Moving from Ubuntu to Debian - autotravis
http://magnatecha.com/moving-from-ubuntu-to-debian/
======
networked
So, is the Linux distribution market now ripe for disruption?

I wonder who out of today's major players could be the next big thing.
OpenSUSE seems the closest to Ubuntu in terms of user friendliness (Linus'
comments notwithstanding) due to tools like YaST [1] and a PPA-like mechanism
called the openSUSE Build Server for extra prebuilt software [2]. People
certainly have speculated about it online for a while but we're yet to see an
exodus of Ubuntu users to openSUSE.

On a related note, a major thing Ubuntu and its derivatives have going for
them is the great font rendering out of the box.

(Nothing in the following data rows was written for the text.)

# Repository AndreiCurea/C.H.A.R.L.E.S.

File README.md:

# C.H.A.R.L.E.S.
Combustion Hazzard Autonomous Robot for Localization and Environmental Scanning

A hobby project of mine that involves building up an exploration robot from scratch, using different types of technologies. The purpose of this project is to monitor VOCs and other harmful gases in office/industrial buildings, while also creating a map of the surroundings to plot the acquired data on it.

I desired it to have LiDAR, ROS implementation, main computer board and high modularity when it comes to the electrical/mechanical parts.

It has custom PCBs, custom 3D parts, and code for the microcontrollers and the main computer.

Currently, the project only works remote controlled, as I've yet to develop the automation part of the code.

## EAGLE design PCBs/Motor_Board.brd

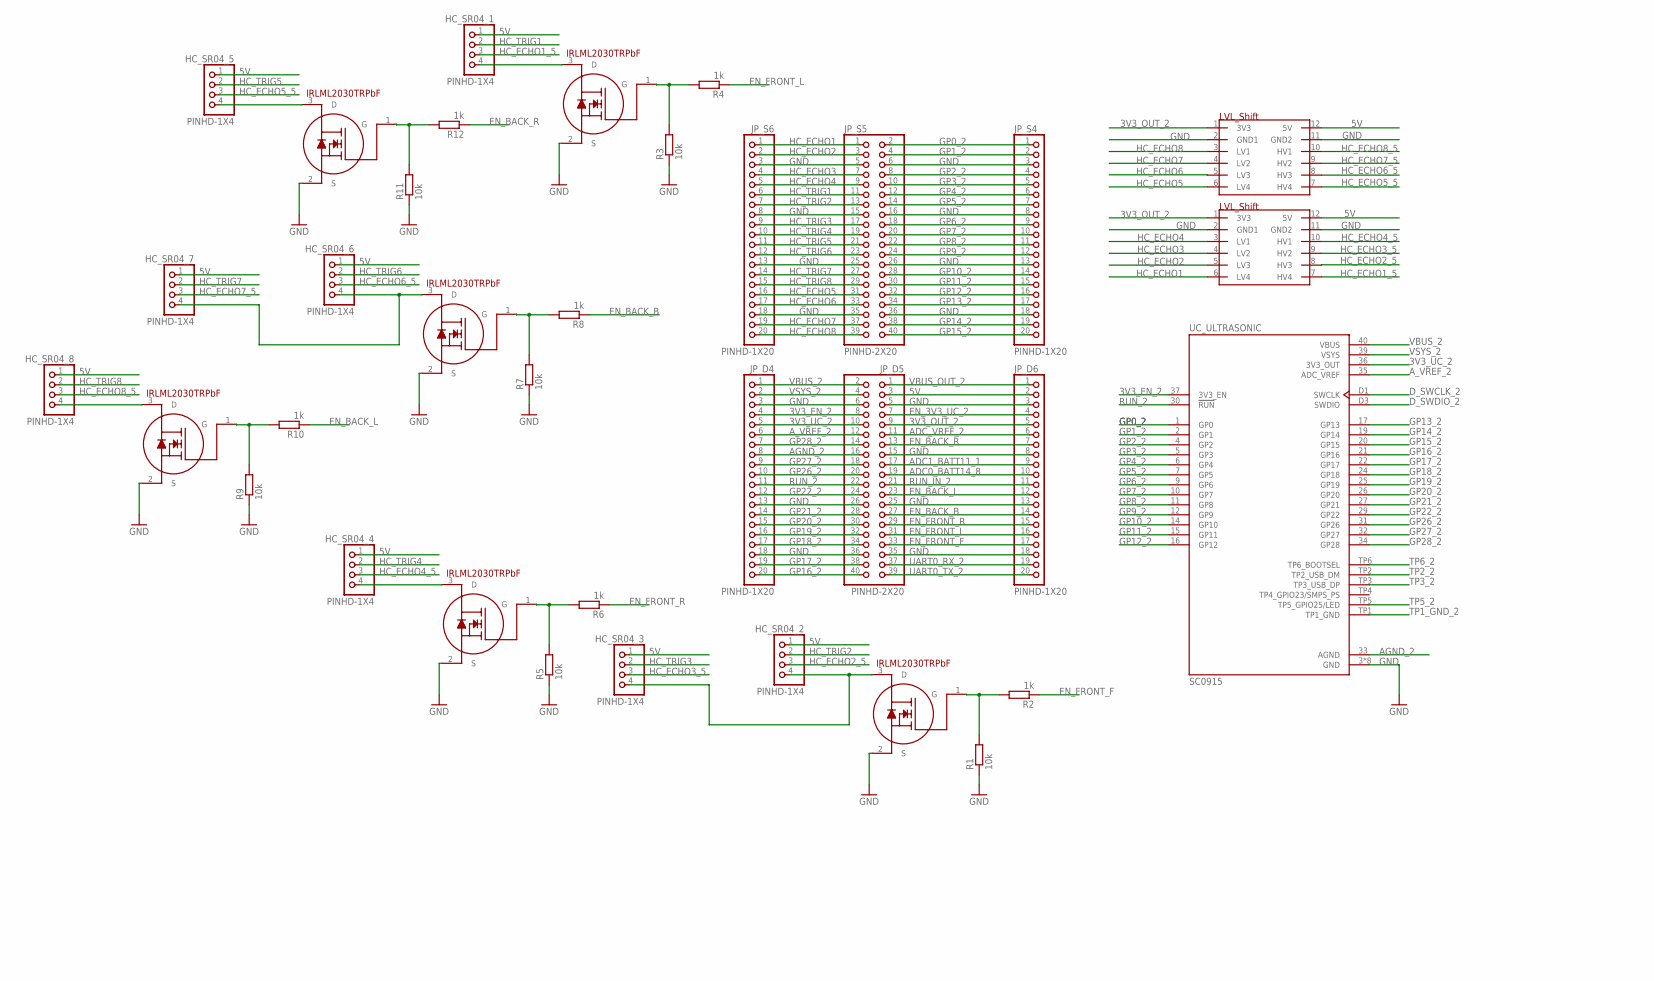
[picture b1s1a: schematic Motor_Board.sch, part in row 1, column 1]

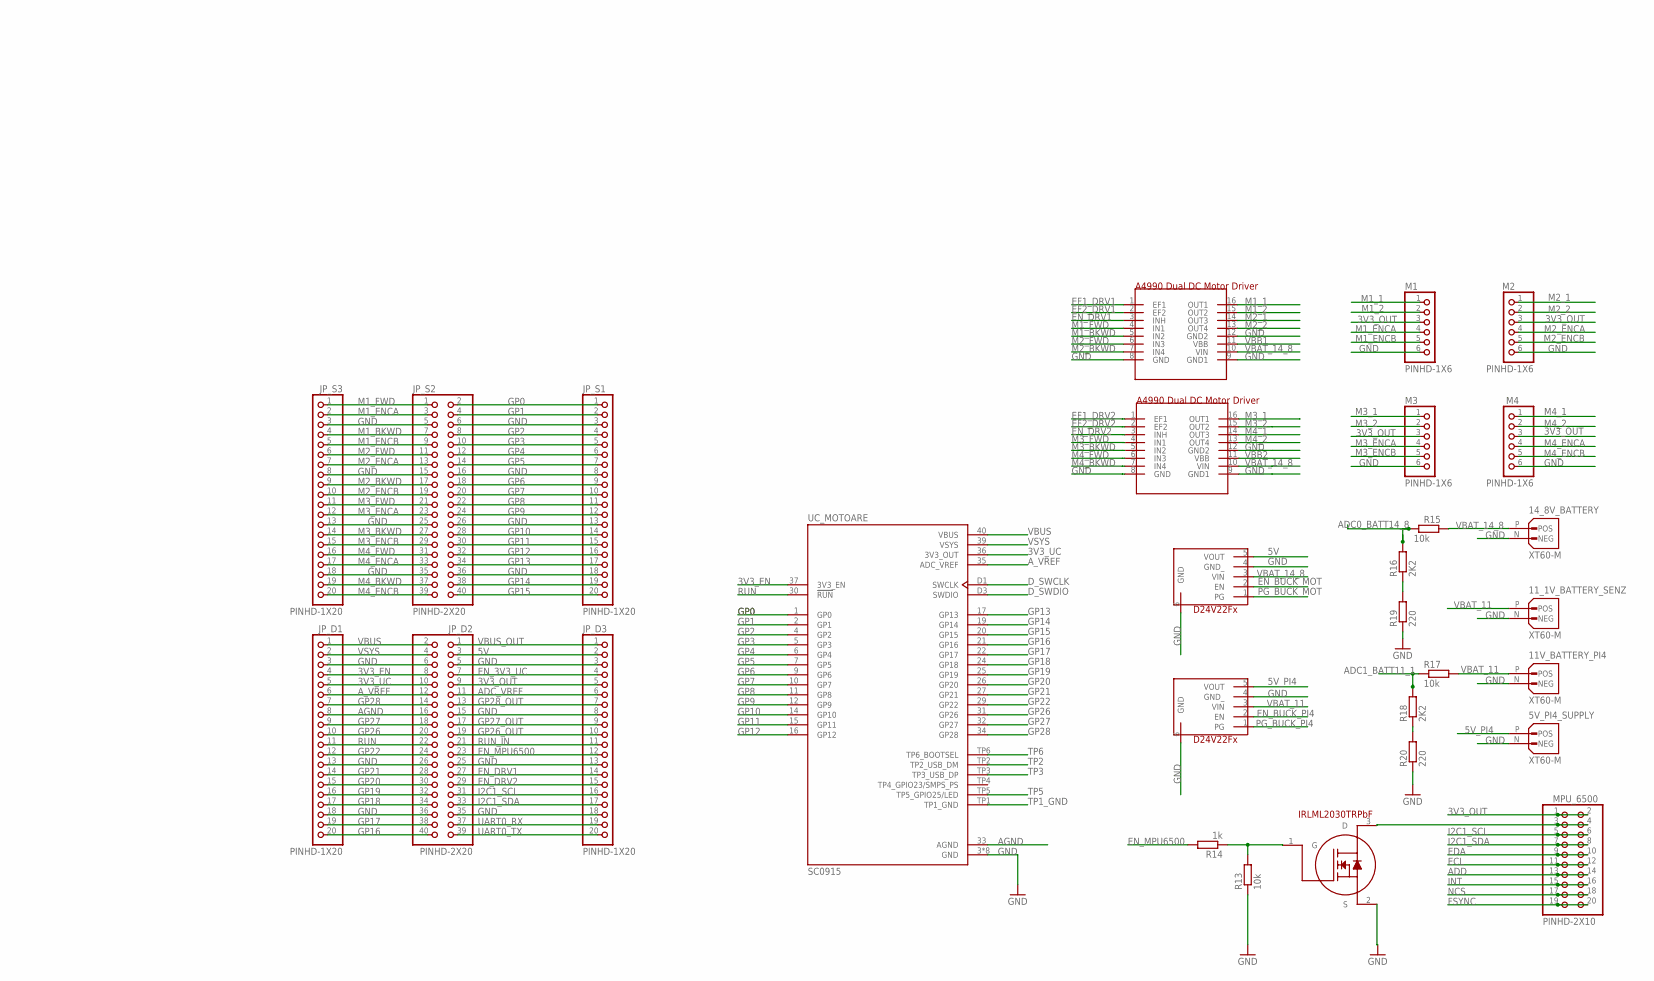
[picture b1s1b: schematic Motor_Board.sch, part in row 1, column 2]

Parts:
5V_PI4_SUPPLY, 11V_BATTERY_PI4, 11_1V_BATTERY_SENZ, 14_8V_BATTERY: XT60-M; AMASS_XT60-M
BUCK_5V, BUCK_5V1: POLOLU_BUCK_CONVERTER; POLOLU_BUCK_FOOTPRINT
DRV1, DRV2: A4990_DUAL; A4990_FOOTPRINT
HC_SR04_1, HC_SR04_2, HC_SR04_3, HC_SR04_4, HC_SR04_5, HC_SR04_6, HC_SR04_7, HC_SR04_8: PINHD-1X4; 1X04
JP_D1, JP_D3, JP_D4, JP_D6: PINHD-1X20; 1X20
JP_D2, JP_D5: PINHD-2X20; 2X20
JP_S1, JP_S3, JP_S4, JP_S6: PINHD-1X20; 1X20
JP_S2, JP_S5: PINHD-2X20; 2X20
M1, M2, M3, M4: PINHD-1X6; 1X06
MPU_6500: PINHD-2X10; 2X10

I wonder why other
distributions haven't yet adopted it, or the Infinality patches [3], as
defaults.

[1] [https://en.wikipedia.org/wiki/YaST](https://en.wikipedia.org/wiki/YaST)

[2] That said, although I've been following their releases lately I haven't
used a SUSE distribution as a daily driver since SUSE 9.3, so I don't know how
the quality compares; any openSUSE users here that can chime in with a
comment?

[3] See [http://www.infinality.net/blog/](http://www.infinality.net/blog/).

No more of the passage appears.